After locating the line with "# CirPattern1: M10" in the data that follows, return it and every later line exactly, up to and including the line with "244.816156902), (88.456564936, 249.316156902))".

· · ·

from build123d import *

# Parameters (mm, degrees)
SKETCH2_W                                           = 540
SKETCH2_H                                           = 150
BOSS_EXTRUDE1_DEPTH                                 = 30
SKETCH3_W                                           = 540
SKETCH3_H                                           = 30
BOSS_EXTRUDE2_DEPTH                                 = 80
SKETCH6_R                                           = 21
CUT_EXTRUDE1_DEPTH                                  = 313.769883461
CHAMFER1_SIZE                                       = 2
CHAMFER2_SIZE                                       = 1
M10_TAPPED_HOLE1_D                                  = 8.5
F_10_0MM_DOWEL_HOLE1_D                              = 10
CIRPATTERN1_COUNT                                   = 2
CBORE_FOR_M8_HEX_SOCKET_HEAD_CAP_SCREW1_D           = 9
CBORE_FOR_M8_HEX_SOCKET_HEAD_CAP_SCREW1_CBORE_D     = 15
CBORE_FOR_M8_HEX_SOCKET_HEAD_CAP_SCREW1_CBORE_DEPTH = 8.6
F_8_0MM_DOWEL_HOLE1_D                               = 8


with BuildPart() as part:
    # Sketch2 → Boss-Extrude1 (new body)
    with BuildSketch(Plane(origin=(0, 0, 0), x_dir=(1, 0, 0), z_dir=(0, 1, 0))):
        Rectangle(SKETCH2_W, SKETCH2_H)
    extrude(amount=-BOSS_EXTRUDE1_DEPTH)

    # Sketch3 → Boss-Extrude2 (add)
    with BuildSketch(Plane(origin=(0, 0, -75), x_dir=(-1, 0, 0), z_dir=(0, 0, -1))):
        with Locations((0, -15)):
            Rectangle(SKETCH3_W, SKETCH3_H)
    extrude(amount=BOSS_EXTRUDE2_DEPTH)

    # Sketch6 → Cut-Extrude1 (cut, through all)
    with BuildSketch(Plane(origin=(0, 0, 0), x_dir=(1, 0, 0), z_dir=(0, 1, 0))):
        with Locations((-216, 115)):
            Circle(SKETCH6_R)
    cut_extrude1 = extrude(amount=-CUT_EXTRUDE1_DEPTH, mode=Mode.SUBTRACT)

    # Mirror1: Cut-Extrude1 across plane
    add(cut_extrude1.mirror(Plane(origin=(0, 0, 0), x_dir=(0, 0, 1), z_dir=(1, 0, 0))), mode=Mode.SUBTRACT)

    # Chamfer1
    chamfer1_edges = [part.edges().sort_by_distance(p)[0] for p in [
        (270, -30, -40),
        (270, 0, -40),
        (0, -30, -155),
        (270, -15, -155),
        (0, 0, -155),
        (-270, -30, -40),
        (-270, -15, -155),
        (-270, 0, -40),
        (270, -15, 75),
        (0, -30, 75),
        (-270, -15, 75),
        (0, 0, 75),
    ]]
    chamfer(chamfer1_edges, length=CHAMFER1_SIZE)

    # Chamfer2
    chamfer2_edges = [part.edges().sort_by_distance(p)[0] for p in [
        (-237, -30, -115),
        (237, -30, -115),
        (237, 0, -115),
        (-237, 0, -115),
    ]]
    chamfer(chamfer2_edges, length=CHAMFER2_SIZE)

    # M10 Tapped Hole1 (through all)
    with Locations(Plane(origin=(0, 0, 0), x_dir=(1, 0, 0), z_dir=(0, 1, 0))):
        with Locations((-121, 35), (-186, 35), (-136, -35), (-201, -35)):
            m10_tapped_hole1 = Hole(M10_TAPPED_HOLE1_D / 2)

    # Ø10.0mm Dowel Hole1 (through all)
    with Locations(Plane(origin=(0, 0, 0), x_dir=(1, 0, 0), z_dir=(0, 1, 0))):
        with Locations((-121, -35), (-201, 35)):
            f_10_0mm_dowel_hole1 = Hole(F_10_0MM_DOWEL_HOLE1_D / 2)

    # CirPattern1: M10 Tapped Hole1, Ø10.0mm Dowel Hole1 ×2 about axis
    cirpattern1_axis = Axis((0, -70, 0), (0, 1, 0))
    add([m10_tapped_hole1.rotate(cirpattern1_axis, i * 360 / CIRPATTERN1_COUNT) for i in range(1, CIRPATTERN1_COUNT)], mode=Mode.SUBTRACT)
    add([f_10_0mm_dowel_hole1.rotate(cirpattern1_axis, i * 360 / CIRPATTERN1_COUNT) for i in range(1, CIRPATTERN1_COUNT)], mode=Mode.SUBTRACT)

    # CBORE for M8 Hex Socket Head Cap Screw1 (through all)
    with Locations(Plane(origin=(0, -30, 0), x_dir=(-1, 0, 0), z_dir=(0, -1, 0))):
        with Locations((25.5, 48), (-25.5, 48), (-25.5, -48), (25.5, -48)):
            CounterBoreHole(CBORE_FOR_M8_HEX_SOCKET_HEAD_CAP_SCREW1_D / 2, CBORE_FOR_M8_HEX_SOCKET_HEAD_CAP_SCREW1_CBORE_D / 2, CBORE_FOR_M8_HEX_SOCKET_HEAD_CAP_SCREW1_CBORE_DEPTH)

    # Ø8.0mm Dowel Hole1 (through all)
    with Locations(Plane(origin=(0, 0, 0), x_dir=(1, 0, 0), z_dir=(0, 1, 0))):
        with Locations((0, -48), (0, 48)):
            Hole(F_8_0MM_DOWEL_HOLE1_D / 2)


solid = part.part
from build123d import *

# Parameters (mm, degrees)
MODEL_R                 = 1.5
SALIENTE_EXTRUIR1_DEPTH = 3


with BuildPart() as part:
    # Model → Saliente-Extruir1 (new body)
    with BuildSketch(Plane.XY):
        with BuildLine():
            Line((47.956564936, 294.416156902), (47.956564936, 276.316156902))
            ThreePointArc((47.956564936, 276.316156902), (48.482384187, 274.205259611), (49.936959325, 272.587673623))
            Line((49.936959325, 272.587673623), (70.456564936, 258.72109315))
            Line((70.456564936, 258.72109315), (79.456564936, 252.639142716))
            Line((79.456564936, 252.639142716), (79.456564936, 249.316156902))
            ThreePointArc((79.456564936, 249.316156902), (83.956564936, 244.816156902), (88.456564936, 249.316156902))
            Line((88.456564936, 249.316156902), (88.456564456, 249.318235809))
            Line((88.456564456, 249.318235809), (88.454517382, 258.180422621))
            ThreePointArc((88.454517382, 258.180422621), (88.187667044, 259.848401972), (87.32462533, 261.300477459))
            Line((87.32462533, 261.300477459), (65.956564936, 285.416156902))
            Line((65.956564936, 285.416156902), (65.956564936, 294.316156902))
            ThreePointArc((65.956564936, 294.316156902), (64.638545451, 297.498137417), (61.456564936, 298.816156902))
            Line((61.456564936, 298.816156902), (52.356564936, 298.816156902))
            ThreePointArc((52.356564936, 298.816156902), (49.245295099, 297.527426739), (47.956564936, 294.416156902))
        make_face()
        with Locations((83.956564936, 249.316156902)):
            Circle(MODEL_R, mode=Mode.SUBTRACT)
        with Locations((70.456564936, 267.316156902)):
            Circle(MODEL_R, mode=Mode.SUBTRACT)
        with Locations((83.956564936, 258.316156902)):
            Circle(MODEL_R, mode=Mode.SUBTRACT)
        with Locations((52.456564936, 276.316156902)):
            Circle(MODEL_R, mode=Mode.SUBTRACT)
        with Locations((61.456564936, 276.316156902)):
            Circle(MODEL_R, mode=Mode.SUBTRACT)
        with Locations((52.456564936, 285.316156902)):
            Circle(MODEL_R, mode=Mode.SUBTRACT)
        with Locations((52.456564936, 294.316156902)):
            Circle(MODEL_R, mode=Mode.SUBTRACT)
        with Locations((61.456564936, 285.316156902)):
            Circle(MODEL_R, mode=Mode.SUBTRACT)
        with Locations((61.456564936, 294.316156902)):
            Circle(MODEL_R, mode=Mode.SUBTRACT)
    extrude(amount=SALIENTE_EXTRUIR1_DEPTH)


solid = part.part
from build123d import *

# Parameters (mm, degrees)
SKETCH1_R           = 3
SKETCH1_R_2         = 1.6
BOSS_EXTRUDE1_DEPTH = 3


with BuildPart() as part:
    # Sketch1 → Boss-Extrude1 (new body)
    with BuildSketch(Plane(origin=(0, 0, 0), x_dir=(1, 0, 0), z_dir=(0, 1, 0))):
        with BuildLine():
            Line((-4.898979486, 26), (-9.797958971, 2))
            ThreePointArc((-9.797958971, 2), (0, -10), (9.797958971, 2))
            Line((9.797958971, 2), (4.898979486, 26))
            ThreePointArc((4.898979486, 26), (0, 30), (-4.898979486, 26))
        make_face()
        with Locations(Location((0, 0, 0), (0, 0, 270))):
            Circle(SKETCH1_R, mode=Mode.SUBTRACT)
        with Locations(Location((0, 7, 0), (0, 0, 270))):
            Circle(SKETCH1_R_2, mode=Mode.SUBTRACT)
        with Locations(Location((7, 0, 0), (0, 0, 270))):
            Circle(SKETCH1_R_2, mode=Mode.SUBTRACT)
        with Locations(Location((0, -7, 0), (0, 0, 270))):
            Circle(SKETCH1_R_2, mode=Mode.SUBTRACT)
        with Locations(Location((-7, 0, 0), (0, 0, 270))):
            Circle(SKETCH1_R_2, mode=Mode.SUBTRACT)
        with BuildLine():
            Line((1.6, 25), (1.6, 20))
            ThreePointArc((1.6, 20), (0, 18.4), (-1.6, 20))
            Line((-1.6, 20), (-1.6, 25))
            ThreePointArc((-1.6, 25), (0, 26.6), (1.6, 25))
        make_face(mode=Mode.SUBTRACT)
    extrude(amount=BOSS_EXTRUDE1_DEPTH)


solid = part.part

· · ·

■ **RESPONSE TO THIS EXERCISE**:
    # CirPattern1: M10 Tapped Hole1, Ø10.0mm Dowel Hole1 ×2 about axis
    cirpattern1_axis = Axis((0, -70, 0), (0, 1, 0))
    add([m10_tapped_hole1.rotate(cirpattern1_axis, i * 360 / CIRPATTERN1_COUNT) for i in range(1, CIRPATTERN1_COUNT)], mode=Mode.SUBTRACT)
    add([f_10_0mm_dowel_hole1.rotate(cirpattern1_axis, i * 360 / CIRPATTERN1_COUNT) for i in range(1, CIRPATTERN1_COUNT)], mode=Mode.SUBTRACT)

    # CBORE for M8 Hex Socket Head Cap Screw1 (through all)
    with Locations(Plane(origin=(0, -30, 0), x_dir=(-1, 0, 0), z_dir=(0, -1, 0))):
        with Locations((25.5, 48), (-25.5, 48), (-25.5, -48), (25.5, -48)):
            CounterBoreHole(CBORE_FOR_M8_HEX_SOCKET_HEAD_CAP_SCREW1_D / 2, CBORE_FOR_M8_HEX_SOCKET_HEAD_CAP_SCREW1_CBORE_D / 2, CBORE_FOR_M8_HEX_SOCKET_HEAD_CAP_SCREW1_CBORE_DEPTH)

    # Ø8.0mm Dowel Hole1 (through all)
    with Locations(Plane(origin=(0, 0, 0), x_dir=(1, 0, 0), z_dir=(0, 1, 0))):
        with Locations((0, -48), (0, 48)):
            Hole(F_8_0MM_DOWEL_HOLE1_D / 2)


solid = part.part
from build123d import *

# Parameters (mm, degrees)
MODEL_R                 = 1.5
SALIENTE_EXTRUIR1_DEPTH = 3


with BuildPart() as part:
    # Model → Saliente-Extruir1 (new body)
    with BuildSketch(Plane.XY):
        with BuildLine():
            Line((47.956564936, 294.416156902), (47.956564936, 276.316156902))
            ThreePointArc((47.956564936, 276.316156902), (48.482384187, 274.205259611), (49.936959325, 272.587673623))
            Line((49.936959325, 272.587673623), (70.456564936, 258.72109315))
            Line((70.456564936, 258.72109315), (79.456564936, 252.639142716))
            Line((79.456564936, 252.639142716), (79.456564936, 249.316156902))
            ThreePointArc((79.456564936, 249.316156902), (83.956564936, 244.816156902), (88.456564936, 249.316156902))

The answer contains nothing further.